- Gianluca Prestianni, jogador argentino do Benfica, quebrou o silêncio sobre o incidente com Vinícius Jr. no jogo Benfica-Real Madrid, negando ter proferido insultos racistas.
- Disse que o que mais o magoou foi a acusação de algo que jamais fez e que não reagiu às palavras de Mbappé, mantendo o foco no jogo.
- Revelou ter explicado a situação ao grupo do Benfica para evitar confusões entre os colegas.
- Confidenciou que a família ficou devastada pelas acusações e que o pai, presente no estádio, passou mal com o que disse foram fãs.
- Agradeceu ao Benfica pela confiança, elogiou o treinador José Mourinho e afirmou ter falado com a equipa para esclarecer a situação.
Gianluca Prestianni quebrou o silêncio sobre o incidente entre Benfica e Real Madrid, negando ter proferido insultos racistas a Vinícius Jr. Em entrevista à Telefe, o argentino referiu que o que mais o magoou foi ser acusado de algo que não fez e revelou ter explicado a situação ao grupo após o encontro.
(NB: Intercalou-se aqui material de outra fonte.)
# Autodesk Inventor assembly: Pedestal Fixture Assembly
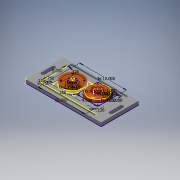
[picture p0: Inventor's stored thumbnail of the model, 180x180]
Saved by Autodesk Inventor 2018 (Build 220112000, 112)
## iProperties
Created: 2017-07-11
Part Number: Pedestal Fixture Assembly
Document SubType Name: Assembly
Designer: Samuel Clay
Author: Samuel Clay
## Documents named in this file (3)
- Z:\enclosure\inventor\Pedestal Fixture Assembly.iam
- Z:\enclosure\inventor\Pedestal Fixture Base.ipt
- Z:\enclosure\inventor\Pedestal.ipt
## Components (3 placed, 2 different names)
1. Pedestal Fixture Base:1 — Mate:1, Mate:2, Mate:3, Mate:7, Mate:8, Mate:9, Mate:10
2. Pedestal:1 — Mate:7, Mate:8, Mate:9, Mate:10
3. Pedestal:2 — Mate:1, Mate:2, Mate:3
## Relationships (7: Mate 7)
- Mate:1 (0.635 mm): Pedestal Fixture Base:1 ↔ Pedestal:2
- Mate:2 (2.54 mm): Pedestal Fixture Base:1 ↔ Pedestal:2
- Mate:3 (1.27 mm): Pedestal Fixture Base:1 ↔ Pedestal:2
- Mate:7 (19.05 mm): Pedestal Fixture Base:1 ↔ Pedestal:1
- Mate:8 (6.35 mm): Pedestal Fixture Base:1 ↔ Pedestal:1
- Mate:9 (15.24 mm): Pedestal Fixture Base:1 ↔ Pedestal:1
- Mate:10 (-6.35 mm): Pedestal Fixture Base:1 ↔ Pedestal:1

O jogador do Benfica explicou que o sentimento principal foi a dor de ver desrespeito ao seu caráter, destacando o apoio interno do clube e dos companheiros, que, segundo ele, vale mais do que qualquer publicação nas redes sociais.
Sobre a acusação de Mbappé, Prestianni admitiu ter ouvido as palavras do francês durante o jogo, mas afirmou que, para ele, os insultos de futebol são comuns e não constituem racismo. Reiterou que nunca foi racista nem pretende ser.
Aos olhos do atleta, a situação também afetou a sua família, com receio de que pais e avós fossem expostos a ofensas. Recordou que, naquele momento, o pai esteve presente e viveu o ocorrido com grande emoção.
Também refletiu sobre a impossibilidade de jogar na segunda mão da eliminatória, dizendo que ficou muito sentido pela suspensão sem provas. Agradeceu ainda à equipa técnica do Benfica, que o apoiou para que pudesse retornar aos campo.
Prestianni elogiou Mourinho, classificando-o como um craque, e disse ter conversado com o corpo técnico e com os colegas para transmitir tranquilidade. Garantiu que o grupo o apoiou e que não houve discriminação entre jogadores da mesma cor de pele.